### Brief
Quote the entries below from the line with "#3744 = AXIS2_PLACEMENT_3D" through the line with "#4354 = LINE ( 'NONE', #20774, #19845 ) ;", both ends included, and only those lines.
======== Given entries ========
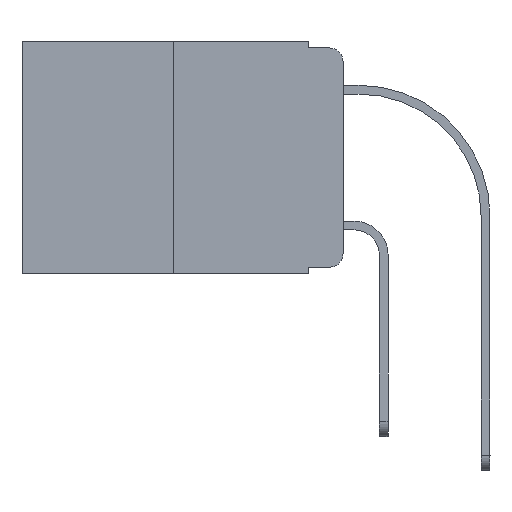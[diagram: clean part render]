
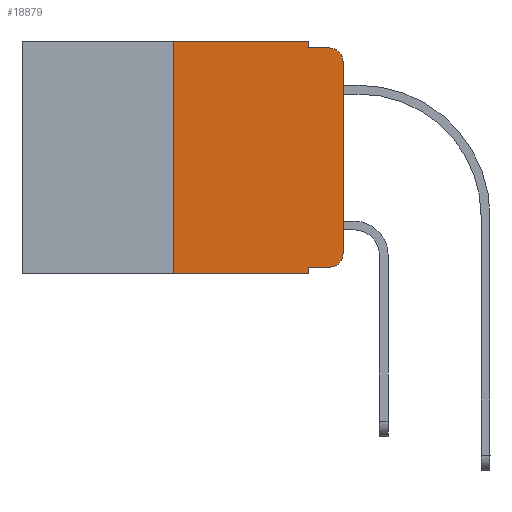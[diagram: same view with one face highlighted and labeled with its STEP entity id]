
A CAD part, left-side view. The second image highlights one B-rep face of the part: STEP entity #18879.
In plain terms, the highlighted planar face has unit normal (-1, 0, 0).
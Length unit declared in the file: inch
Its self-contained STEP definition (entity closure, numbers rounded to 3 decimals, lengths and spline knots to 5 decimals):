
#277 = DIRECTION ( 'NONE',  ( 0., 0., -1. ) ) ;
#396 = PLANE ( 'NONE',  #3744 ) ;
#670 = ORIENTED_EDGE ( 'NONE', *, *, #4281, .F. ) ;
#722 = DIRECTION ( 'NONE',  ( 1., 0., 0. ) ) ;
#820 = FACE_OUTER_BOUND ( 'NONE', #8538, .T. ) ;
#1037 = DIRECTION ( 'NONE',  ( 0., -1., 0. ) ) ;
#1419 = LINE ( 'NONE', #12997, #21323 ) ;
#1751 = LINE ( 'NONE', #13120, #5749 ) ;
#1787 = EDGE_CURVE ( 'NONE', #17244, #16553, #18415, .T. ) ;
#1799 = VERTEX_POINT ( 'NONE', #17236 ) ;
#1844 = ORIENTED_EDGE ( 'NONE', *, *, #4240, .T. ) ;
#1974 = VERTEX_POINT ( 'NONE', #19307 ) ;
#2794 = ORIENTED_EDGE ( 'NONE', *, *, #21483, .F. ) ;
#2884 = VERTEX_POINT ( 'NONE', #18933 ) ;
#3483 = VECTOR ( 'NONE', #1037, 39.37008 ) ;
#3744 = AXIS2_PLACEMENT_3D ( 'NONE', #18899, #722, #10786 ) ;
#4240 = EDGE_CURVE ( 'NONE', #15080, #11478, #16471, .T. ) ;
#4281 = EDGE_CURVE ( 'NONE', #4656, #1799, #1419, .T. ) ;
#4301 = CARTESIAN_POINT ( 'NONE',  ( 0., 0.473, 0. ) ) ;
#4354 = LINE ( 'NONE', #20774, #19845 ) ;
#4656 = VERTEX_POINT ( 'NONE', #12316 ) ;
#4768 = EDGE_CURVE ( 'NONE', #1974, #2884, #9896, .T. ) ;
#4898 = EDGE_CURVE ( 'NONE', #11478, #17244, #10522, .T. ) ;
#5622 = EDGE_CURVE ( 'NONE', #1799, #16553, #12991, .T. ) ;
#5749 = VECTOR ( 'NONE', #11479, 39.37008 ) ;
#5830 = ORIENTED_EDGE ( 'NONE', *, *, #5622, .F. ) ;
#6001 = DIRECTION ( 'NONE',  ( -1., 0., 0. ) ) ;
#6152 = VECTOR ( 'NONE', #6308, 39.37008 ) ;
#6308 = DIRECTION ( 'NONE',  ( 0., -1., 0. ) ) ;
#6322 = DIRECTION ( 'NONE',  ( 0., -1., 0. ) ) ;
#6739 = CARTESIAN_POINT ( 'NONE',  ( 0., 0.051, -0.01 ) ) ;
#7580 = ORIENTED_EDGE ( 'NONE', *, *, #7624, .F. ) ;
#7624 = EDGE_CURVE ( 'NONE', #8246, #4656, #15803, .T. ) ;
#7833 = CARTESIAN_POINT ( 'NONE',  ( 0., 0.473, -0.343 ) ) ;
#8246 = VERTEX_POINT ( 'NONE', #13019 ) ;
#8521 = EDGE_CURVE ( 'NONE', #19273, #15080, #19443, .T. ) ;
#8538 = EDGE_LOOP ( 'NONE', ( #9304, #14088, #5830, #670, #7580, #2794, #11763, #19665, #11773, #1844 ) ) ;
#9304 = ORIENTED_EDGE ( 'NONE', *, *, #4898, .T. ) ;
#9896 = LINE ( 'NONE', #7833, #6152 ) ;
#10522 = LINE ( 'NONE', #14030, #12458 ) ;
#10647 = CARTESIAN_POINT ( 'NONE',  ( 0., 0.02, -0.03 ) ) ;
#10786 = DIRECTION ( 'NONE',  ( 0., 0., -1. ) ) ;
#11120 = CARTESIAN_POINT ( 'NONE',  ( 0., 0.051, -0.333 ) ) ;
#11478 = VERTEX_POINT ( 'NONE', #11912 ) ;
#11479 = DIRECTION ( 'NONE',  ( 0., 0., 1. ) ) ;
#11599 = EDGE_CURVE ( 'NONE', #19273, #2884, #4354, .T. ) ;
#11763 = ORIENTED_EDGE ( 'NONE', *, *, #4768, .T. ) ;
#11773 = ORIENTED_EDGE ( 'NONE', *, *, #8521, .T. ) ;
#11912 = CARTESIAN_POINT ( 'NONE',  ( 0., 0., -0.313 ) ) ;
#12316 = CARTESIAN_POINT ( 'NONE',  ( 0., 0.051, 0. ) ) ;
#12458 = VECTOR ( 'NONE', #18863, 39.37008 ) ;
#12669 = DIRECTION ( 'NONE',  ( 0., 0., -1. ) ) ;
#12785 = VECTOR ( 'NONE', #17494, 39.37008 ) ;
#12991 = LINE ( 'NONE', #6739, #21597 ) ;
#12997 = CARTESIAN_POINT ( 'NONE',  ( 0., 0.051, 0. ) ) ;
#13019 = CARTESIAN_POINT ( 'NONE',  ( 0., 0.25, 0. ) ) ;
#13120 = CARTESIAN_POINT ( 'NONE',  ( 0., 0.25, 0. ) ) ;
#13951 = DIRECTION ( 'NONE',  ( -1., 0., 0. ) ) ;
#14030 = CARTESIAN_POINT ( 'NONE',  ( 0., 0., 0. ) ) ;
#14088 = ORIENTED_EDGE ( 'NONE', *, *, #1787, .T. ) ;
#15080 = VERTEX_POINT ( 'NONE', #19162 ) ;
#15757 = DIRECTION ( 'NONE',  ( 0., 0., -1. ) ) ;
#15803 = LINE ( 'NONE', #4301, #3483 ) ;
#16471 = CIRCLE ( 'NONE', #17524, 0.02 ) ;
#16553 = VERTEX_POINT ( 'NONE', #18265 ) ;
#17154 = CARTESIAN_POINT ( 'NONE',  ( 0., 0., -0.03 ) ) ;
#17236 = CARTESIAN_POINT ( 'NONE',  ( 0., 0.051, -0.01 ) ) ;
#17244 = VERTEX_POINT ( 'NONE', #17154 ) ;
#17494 = DIRECTION ( 'NONE',  ( 0., -1., 0. ) ) ;
#17524 = AXIS2_PLACEMENT_3D ( 'NONE', #21002, #6001, #12669 ) ;
#18265 = CARTESIAN_POINT ( 'NONE',  ( 0., 0.02, -0.01 ) ) ;
#18415 = CIRCLE ( 'NONE', #19460, 0.02 ) ;
#18863 = DIRECTION ( 'NONE',  ( 0., 0., 1. ) ) ;
#18879 = ADVANCED_FACE ( 'NONE', ( #820 ), #396, .F. ) ;
#18899 = CARTESIAN_POINT ( 'NONE',  ( 0., 0.473, 0. ) ) ;
#18933 = CARTESIAN_POINT ( 'NONE',  ( 0., 0.051, -0.343 ) ) ;
#19162 = CARTESIAN_POINT ( 'NONE',  ( 0., 0.02, -0.333 ) ) ;
#19273 = VERTEX_POINT ( 'NONE', #20060 ) ;
#19307 = CARTESIAN_POINT ( 'NONE',  ( 0., 0.25, -0.343 ) ) ;
#19443 = LINE ( 'NONE', #11120, #12785 ) ;
#19460 = AXIS2_PLACEMENT_3D ( 'NONE', #10647, #13951, #277 ) ;
#19665 = ORIENTED_EDGE ( 'NONE', *, *, #11599, .F. ) ;
#19681 = DIRECTION ( 'NONE',  ( 0., 0., -1. ) ) ;
#19845 = VECTOR ( 'NONE', #15757, 39.37008 ) ;
#20060 = CARTESIAN_POINT ( 'NONE',  ( 0., 0.051, -0.333 ) ) ;
#20774 = CARTESIAN_POINT ( 'NONE',  ( 0., 0.051, 0. ) ) ;
#21002 = CARTESIAN_POINT ( 'NONE',  ( 0., 0.02, -0.313 ) ) ;
#21323 = VECTOR ( 'NONE', #19681, 39.37008 ) ;
#21483 = EDGE_CURVE ( 'NONE', #1974, #8246, #1751, .T. ) ;
#21597 = VECTOR ( 'NONE', #6322, 39.37008 ) ;
========
### Finished exercise
#3744 = AXIS2_PLACEMENT_3D ( 'NONE', #18899, #722, #10786 ) ;
#4240 = EDGE_CURVE ( 'NONE', #15080, #11478, #16471, .T. ) ;
#4281 = EDGE_CURVE ( 'NONE', #4656, #1799, #1419, .T. ) ;
#4301 = CARTESIAN_POINT ( 'NONE',  ( 0., 0.473, 0. ) ) ;
#4354 = LINE ( 'NONE', #20774, #19845 ) ;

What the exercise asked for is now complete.